La docencia médica no es un elemento decorativo de un hospital o del curriculum de un facultativo. Al contrario, es una herramienta básica para el buen funcionamiento de unidades y servicios y para la vertebración de equipos y profesionales, actividad que, con el traspaso de las competencias sanitarias, parece haber sido algo descuidada. El papel del tutor, eje de la formación de especialistas sanitarios, debe ser, por tanto, redefinido de cara a las nuevas funciones gestoras de las comunidades autónomas, y por ello deben realizarse planes estratégicos de mejora que eliminen los fallos del actual sistema de formación.
 
Mamen Rivas  

Con el fin de mejorar la calidad de la docencia y, por ende, la calidad del personal y de los servicios del sistema sanitario público español, y tras la culminación del proceso de transferencias sanitarias a las comunidades autónomas, se ha puesto de manifiesto, en las recientemente celebradas I Jornadas de Comisiones Asesoras y de Docencia de la Comunidad de Madrid, la necesidad de una revisión de la estructura docente que resuelva los actuales problemas de los tutores responsables de la formación de especialistas. 

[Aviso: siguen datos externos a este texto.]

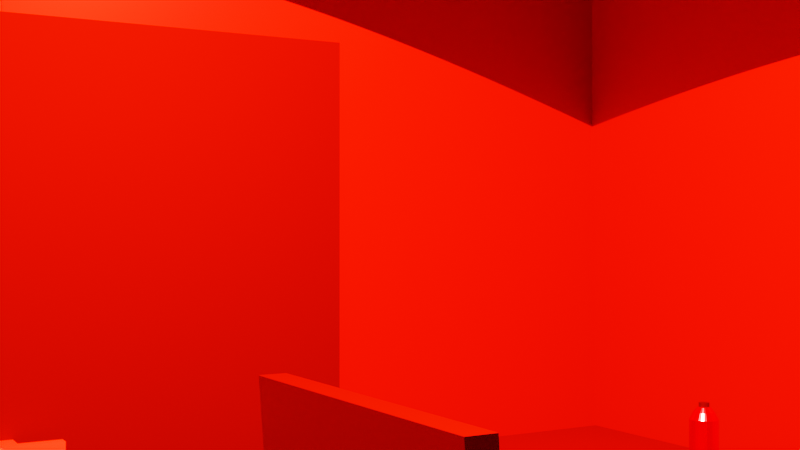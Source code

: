 # Source: bedroom.blend  (saved by Blender 5.1.29; exported with 4.5.12 LTS)
import bpy
from mathutils import Matrix  # noqa: F401  (used for matrix-valued properties, if any)

bpy.ops.wm.read_factory_settings(use_empty=True)
scene = bpy.context.scene
scene.name = 'Scene.001'

# ---- materials (node trees are filled in below, after node groups)
mat_darkroommat = bpy.data.materials.new('DarkRoomMat')
mat_darkroommat.alpha_threshold = 0.0
mat_darkroommat.use_backface_culling_lightprobe_volume = False
mat_darkroommat.use_transparent_shadow = False
mat_darkroommat.roughness = 0.5
mat_darkroommat.line_color = (0.0, 0.0, 0.0, 1.0)
mat_tablemat = bpy.data.materials.new('TableMat')
mat_chairmat = bpy.data.materials.new('ChairMat')
mat_material = bpy.data.materials.new('Material')
mat_material_001 = bpy.data.materials.new('Material.001')
mat_bottlemat = bpy.data.materials.new('BottleMat')
mat_bottlecapmat = bpy.data.materials.new('BottleCapMat')

# ---- material node trees
mat_darkroommat.use_nodes = True; mat_darkroommat.node_tree.nodes.clear()
_N = mat_darkroommat.node_tree.nodes; _L = mat_darkroommat.node_tree.links
n0 = _N.new('ShaderNodeOutputMaterial'); n0.name = 'Material Output'; n0.location = (300, 300)
n1 = _N.new('ShaderNodeBsdfPrincipled'); n1.name = 'Principled BSDF'; n1.location = (10, 300)
n1.inputs[0].default_value = (0.1753, 0.07316, 0.1567, 1.0)
n1.inputs[3].default_value = 1.45
_L.new(n1.outputs[0], n0.inputs[0])
n0.is_active_output = True
mat_tablemat.use_nodes = True; mat_tablemat.node_tree.nodes.clear()
_N = mat_tablemat.node_tree.nodes; _L = mat_tablemat.node_tree.links
n0 = _N.new('ShaderNodeBsdfPrincipled'); n0.name = 'Principled BSDF'; n0.location = (-200, 100)
n0.inputs[0].default_value = (0.0339, 0.007316, 0.01562, 1.0)
n0.inputs[2].default_value = 0.796
n1 = _N.new('ShaderNodeOutputMaterial'); n1.name = 'Material Output'; n1.location = (200, 100)
_L.new(n0.outputs[0], n1.inputs[0])
n1.is_active_output = True
mat_chairmat.use_nodes = True; mat_chairmat.node_tree.nodes.clear()
_N = mat_chairmat.node_tree.nodes; _L = mat_chairmat.node_tree.links
n0 = _N.new('ShaderNodeBsdfPrincipled'); n0.name = 'Principled BSDF'; n0.location = (-200, 100)
n0.inputs[0].default_value = (0.03154, 0.01918, 0.132, 1.0)
n1 = _N.new('ShaderNodeOutputMaterial'); n1.name = 'Material Output'; n1.location = (200, 100)
_L.new(n0.outputs[0], n1.inputs[0])
n1.is_active_output = True
mat_material.use_nodes = True; mat_material.node_tree.nodes.clear()
_N = mat_material.node_tree.nodes; _L = mat_material.node_tree.links
n0 = _N.new('ShaderNodeBsdfPrincipled'); n0.name = 'Principled BSDF'; n0.location = (-200, 100)
n0.inputs[0].default_value = (0.0186, 0.005042, 0.0, 1.0)
n0.inputs[2].default_value = 0.7016
n1 = _N.new('ShaderNodeOutputMaterial'); n1.name = 'Material Output'; n1.location = (200, 100)
_L.new(n0.outputs[0], n1.inputs[0])
n1.is_active_output = True
mat_material_001.use_nodes = True; mat_material_001.node_tree.nodes.clear()
_N = mat_material_001.node_tree.nodes; _L = mat_material_001.node_tree.links
n0 = _N.new('ShaderNodeBsdfPrincipled'); n0.name = 'Principled BSDF'; n0.location = (-200, 100)
n0.inputs[0].default_value = (1.0, 0.8696, 0.0, 1.0)
n0.inputs[1].default_value = 0.2
n0.inputs[2].default_value = 0.3013
n1 = _N.new('ShaderNodeOutputMaterial'); n1.name = 'Material Output'; n1.location = (200, 100)
_L.new(n0.outputs[0], n1.inputs[0])
n1.is_active_output = True
mat_bottlemat.use_nodes = True; mat_bottlemat.node_tree.nodes.clear()
_N = mat_bottlemat.node_tree.nodes; _L = mat_bottlemat.node_tree.links
n0 = _N.new('ShaderNodeBsdfPrincipled'); n0.name = 'Principled BSDF'; n0.location = (-200, 100)
n0.inputs[0].default_value = (0.8753, 0.03223, 0.4367, 1.0)
n0.inputs[1].default_value = 1.0
n0.inputs[2].default_value = 0.308
n1 = _N.new('ShaderNodeOutputMaterial'); n1.name = 'Material Output'; n1.location = (200, 100)
_L.new(n0.outputs[0], n1.inputs[0])
n1.is_active_output = True
mat_bottlecapmat.use_nodes = True; mat_bottlecapmat.node_tree.nodes.clear()
_N = mat_bottlecapmat.node_tree.nodes; _L = mat_bottlecapmat.node_tree.links
n0 = _N.new('ShaderNodeBsdfPrincipled'); n0.name = 'Principled BSDF'; n0.location = (-200, 100)
n0.inputs[0].default_value = (0.006686, 0.006686, 0.006686, 1.0)
n0.inputs[2].default_value = 0.668
n1 = _N.new('ShaderNodeOutputMaterial'); n1.name = 'Material Output'; n1.location = (200, 100)
_L.new(n0.outputs[0], n1.inputs[0])
n1.is_active_output = True

# ---- cameras
cam_camera_001 = bpy.data.cameras.new('Camera.001')

# ---- lights
light_spot = bpy.data.lights.new('Spot', 'SPOT')
light_spot.color = (1.0, 0.002925, 0.0)
light_spot.exposure = 2.483
light_spot.energy = 1031.0
light_spot.spot_blend = 0.0
light_spot.spot_size = 2.645

# ---- meshes
me_cube_001 = bpy.data.meshes.new('Cube.001')
me_cube_001.from_pydata([(-1.0, -1.0, -1.0), (-1.0, -1.0, 1.0), (-1.0, 1.0, -1.0), (-1.0, 1.0, 1.0), (1.0, -1.0, -1.0), (1.0, -1.0, 1.0), (1.0, 1.0, -1.0), (1.0, 1.0, 1.0), (-0.3401, 1.0, -1.0), (-0.3401, 1.0, 1.0), (-0.3401, -1.0, -1.0), (-0.3401, -1.0, 1.0), (0.3299, 1.0, 1.0), (0.3299, -1.0, -1.0), (0.3299, 1.0, -1.0), (0.3299, -1.0, 1.0), (-1.0, -1.0, 0.3885), (-1.0, 1.0, 0.3885), (1.0, -1.0, 0.3885), (-0.3401, -1.0, 0.3885), (0.3299, -1.0, 0.3885)], [], [(16, 1, 3, 17), (19, 11, 1, 16), (14, 6, 4, 13), (9, 3, 1, 11), (12, 9, 11, 15), (2, 8, 10, 0), (20, 15, 11, 19), (18, 5, 15, 20), (7, 12, 15, 5), (8, 14, 13, 10), (4, 18, 20, 13), (10, 19, 16, 0), (0, 16, 17, 2), (4, 6, 7, 5, 18)])
_uv = me_cube_001.uv_layers.new(name='UVMap')
_uv.uv.foreach_set('vector', [0.5486, 0.0, 0.625, 0.0, 0.625, 0.25, 0.5486, 0.25, 0.5486, 0.9175, 0.625, 0.9175, 0.625, 1.0, 0.5486, 1.0, 0.2912, 0.5, 0.375, 0.5, 0.375, 0.75, 0.2912, 0.75, 0.7925, 0.5, 0.875, 0.5, 0.875, 0.75, 0.7925, 0.75, 0.7088, 0.5, 0.7925, 0.5, 0.7925, 0.75, 0.7088, 0.75, 0.125, 0.5, 0.2075, 0.5, 0.2075, 0.75, 0.125, 0.75, 0.5486, 0.8338, 0.625, 0.8338, 0.625, 0.9175, 0.5486, 0.9175, 0.5486, 0.75, 0.625, 0.75, 0.625, 0.8338, 0.5486, 0.8338, 0.625, 0.5, 0.7088, 0.5, 0.7088, 0.75, 0.625, 0.75, 0.2075, 0.5, 0.2912, 0.5, 0.2912, 0.75, 0.2075, 0.75, 0.375, 0.75, 0.5486, 0.75, 0.5486, 0.8338, 0.375, 0.8338, 0.375, 0.9175, 0.5486, 0.9175, 0.5486, 1.0, 0.375, 1.0, 0.375, 0.0, 0.5486, 0.0, 0.5486, 0.25, 0.375, 0.25, 0.375, 0.75, 0.375, 0.5, 0.625, 0.5, 0.625, 0.75, 0.5486, 0.75])
me_cube_001.materials.append(mat_darkroommat)
me_cube_001.update()
me_cube_005 = bpy.data.meshes.new('Cube.005')
me_cube_005.from_pydata([(-1.0, -1.0, -1.0), (-1.0, -1.0, 1.0), (-1.0, 1.0, -1.0), (-1.0, 1.0, 1.0), (1.0, -1.0, -1.0), (1.0, -1.0, 1.0), (1.0, 1.0, -1.0), (1.0, 1.0, 1.0), (-1.393, -45.87, 0.969), (-1.393, -45.87, 1.135), (-1.393, 1.642, 0.969), (-1.393, 1.642, 1.135), (14.96, -45.87, 0.969), (14.96, -45.87, 1.135), (14.96, 1.642, 0.969), (14.96, 1.642, 1.135), (12.5, -1.0, -1.0), (12.5, -1.0, 1.0), (12.5, 1.0, -1.0), (12.5, 1.0, 1.0), (14.5, -1.0, -1.0), (14.5, -1.0, 1.0), (14.5, 1.0, -1.0), (14.5, 1.0, 1.0), (12.5, -45.26, -1.0), (12.5, -45.26, 1.0), (12.5, -43.26, -1.0), (12.5, -43.26, 1.0), (14.5, -45.26, -1.0), (14.5, -45.26, 1.0), (14.5, -43.26, -1.0), (14.5, -43.26, 1.0), (-1.0, -45.29, -1.0), (-1.0, -45.29, 1.0), (-1.0, -43.29, -1.0), (-1.0, -43.29, 1.0), (1.0, -45.29, -1.0), (1.0, -45.29, 1.0), (1.0, -43.29, -1.0), (1.0, -43.29, 1.0)], [], [(0, 1, 3, 2), (2, 3, 7, 6), (6, 7, 5, 4), (4, 5, 1, 0), (2, 6, 4, 0), (7, 3, 1, 5), (8, 9, 11, 10), (10, 11, 15, 14), (14, 15, 13, 12), (12, 13, 9, 8), (10, 14, 12, 8), (15, 11, 9, 13), (16, 17, 19, 18), (18, 19, 23, 22), (22, 23, 21, 20), (20, 21, 17, 16), (18, 22, 20, 16), (23, 19, 17, 21), (24, 25, 27, 26), (26, 27, 31, 30), (30, 31, 29, 28), (28, 29, 25, 24), (26, 30, 28, 24), (31, 27, 25, 29), (32, 33, 35, 34), (34, 35, 39, 38), (38, 39, 37, 36), (36, 37, 33, 32), (34, 38, 36, 32), (39, 35, 33, 37)])
_uv = me_cube_005.uv_layers.new(name='UVMap')
_uv.uv.foreach_set('vector', [0.375, 0.0, 0.625, 0.0, 0.625, 0.25, 0.375, 0.25, 0.375, 0.25, 0.625, 0.25, 0.625, 0.5, 0.375, 0.5, 0.375, 0.5, 0.625, 0.5, 0.625, 0.75, 0.375, 0.75, 0.375, 0.75, 0.625, 0.75, 0.625, 1.0, 0.375, 1.0, 0.125, 0.5, 0.375, 0.5, 0.375, 0.75, 0.125, 0.75, 0.625, 0.5, 0.875, 0.5, 0.875, 0.75, 0.625, 0.75, 0.375, 0.0, 0.625, 0.0, 0.625, 0.25, 0.375, 0.25, 0.375, 0.25, 0.625, 0.25, 0.625, 0.5, 0.375, 0.5, 0.375, 0.5, 0.625, 0.5, 0.625, 0.75, 0.375, 0.75, 0.375, 0.75, 0.625, 0.75, 0.625, 1.0, 0.375, 1.0, 0.125, 0.5, 0.375, 0.5, 0.375, 0.75, 0.125, 0.75, 0.625, 0.5, 0.875, 0.5, 0.875, 0.75, 0.625, 0.75, 0.375, 0.0, 0.625, 0.0, 0.625, 0.25, 0.375, 0.25, 0.375, 0.25, 0.625, 0.25, 0.625, 0.5, 0.375, 0.5, 0.375, 0.5, 0.625, 0.5, 0.625, 0.75, 0.375, 0.75, 0.375, 0.75, 0.625, 0.75, 0.625, 1.0, 0.375, 1.0, 0.125, 0.5, 0.375, 0.5, 0.375, 0.75, 0.125, 0.75, 0.625, 0.5, 0.875, 0.5, 0.875, 0.75, 0.625, 0.75, 0.375, 0.0, 0.625, 0.0, 0.625, 0.25, 0.375, 0.25, 0.375, 0.25, 0.625, 0.25, 0.625, 0.5, 0.375, 0.5, 0.375, 0.5, 0.625, 0.5, 0.625, 0.75, 0.375, 0.75, 0.375, 0.75, 0.625, 0.75, 0.625, 1.0, 0.375, 1.0, 0.125, 0.5, 0.375, 0.5, 0.375, 0.75, 0.125, 0.75, 0.625, 0.5, 0.875, 0.5, 0.875, 0.75, 0.625, 0.75, 0.375, 0.0, 0.625, 0.0, 0.625, 0.25, 0.375, 0.25, 0.375, 0.25, 0.625, 0.25, 0.625, 0.5, 0.375, 0.5, 0.375, 0.5, 0.625, 0.5, 0.625, 0.75, 0.375, 0.75, 0.375, 0.75, 0.625, 0.75, 0.625, 1.0, 0.375, 1.0, 0.125, 0.5, 0.375, 0.5, 0.375, 0.75, 0.125, 0.75, 0.625, 0.5, 0.875, 0.5, 0.875, 0.75, 0.625, 0.75])
me_cube_005.materials.append(mat_tablemat)
me_cube_005.update()
me_cube_012 = bpy.data.meshes.new('Cube.012')
me_cube_012.from_pydata([(-1.0, -1.0, -1.0), (-1.0, -1.0, 1.0), (-1.0, 1.0, -1.0), (-1.0, 1.0, 1.0), (1.0, -1.0, -1.0), (1.0, -1.0, 1.0), (1.0, 1.0, -1.0), (1.0, 1.0, 1.0), (6.941, 12.22, -1.0), (6.941, 12.22, 1.0), (6.941, 14.22, -1.0), (6.941, 14.22, 1.0), (8.941, 12.22, -1.0), (8.941, 12.22, 1.0), (8.941, 14.22, -1.0), (8.941, 14.22, 1.0), (6.941, -1.0, -1.0), (6.941, -1.0, 1.0), (6.941, 1.0, -1.0), (6.941, 1.0, 1.0), (8.941, -1.0, -1.0), (8.941, -1.0, 1.0), (8.941, 1.0, -1.0), (8.941, 1.0, 1.0), (-1.187, 12.22, -1.0), (-1.187, 12.22, 1.0), (-1.187, 14.22, -1.0), (-1.187, 14.22, 1.0), (0.8129, 12.22, -1.0), (0.8129, 12.22, 1.0), (0.8129, 14.22, -1.0), (0.8129, 14.22, 1.0), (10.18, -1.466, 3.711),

Según los expertos, los tutores no disponen de tiempo suficiente para desempeñar su labor de docencia, que deben realizar con unos medios técnicos y económicos nulos en muchos centros hospitalarios. Se trata de una labor complicada que, a pesar de no ser reconocida, requiere una gran dedicación y preparación, y que puede generar conflictos con las unidades asistenciales, con las comisiones de docencia y con los propios residentes. 

Los tutores deben proponer a la comisión de docencia los planes individuales de formación para cada uno de los residentes a su cargo -lo que obliga al tutor a un conocimiento del programa de la especialidad-, supervisar directa y progresivamente la realización de los programas señalados, controlar la actividad asistencial, fomentar la participación en actividades docentes e investigadoras de la unidad acreditada y ser responsables de la evaluación continuada de los especialistas en formación. 

 
Se ha puesto de manifiesto la necesidad de una revisión de la estructura docente que resuelva los problemas de los tutores  

Para poder llevar a cabo todas esas funciones como corresponde, sería necesario reforzar la figura del tutor mediante la formación continuada, la especificación del tiempo dedicado a la tutoría dentro de su trabajo y el reconocimiento por ley de sus funciones. A ello contribuiría también poner un mayor énfasis en la función docente de los hospitales, a través de un presupuesto económico específico y de la inclusión de objetivos docentes entre los asuntos globales del hospital, realizar una evaluación periódica más frecuente de unidades asistenciales y hospitales con el fin de seleccionar a los que mejor lo hacen, y cambiar la manera de evaluación de los especialistas en formación. La mayoría de los tutores coinciden en afirmar que la evaluación continuada es mucho más efectiva que el examen final de residencia, que debería ser desterrado definitivamente como prueba única de evaluación. Por otra parte, se debate la necesidad de establecer sistemas de evaluación comunes a los países de la Unión Europea, pero esta unificación al parecer, tendrá que esperar. 
  

El tutor de Medicina Familiar y Comunitaria 

La figura del tutor de Medicina de Familia, que acompaña al residente durante los tres años que dura su formación, es distinta a la del resto de especialidades. Para ayudar al residente debe tener, además de competencia clínica, un perfil biopsicosocial, pues al médico de familia no sólo le preocupa la enfermedad, sino también todo lo que la rodea. Por ello, la familia debe ser siempre tenida en cuenta, para lo que es fundamental la comunicación, tiene que saber comunicar y sobre todo, enseñar a comunicar. El perfil de un tutor de Medicina Familiar y Comunitaria es el de una persona dialogante, empática, receptiva, asertiva. Además debe saber trabajar en equipo, tener capacidad de organización de espacios y tiempo, y fomentar la inquietud de la investigación en el residente. 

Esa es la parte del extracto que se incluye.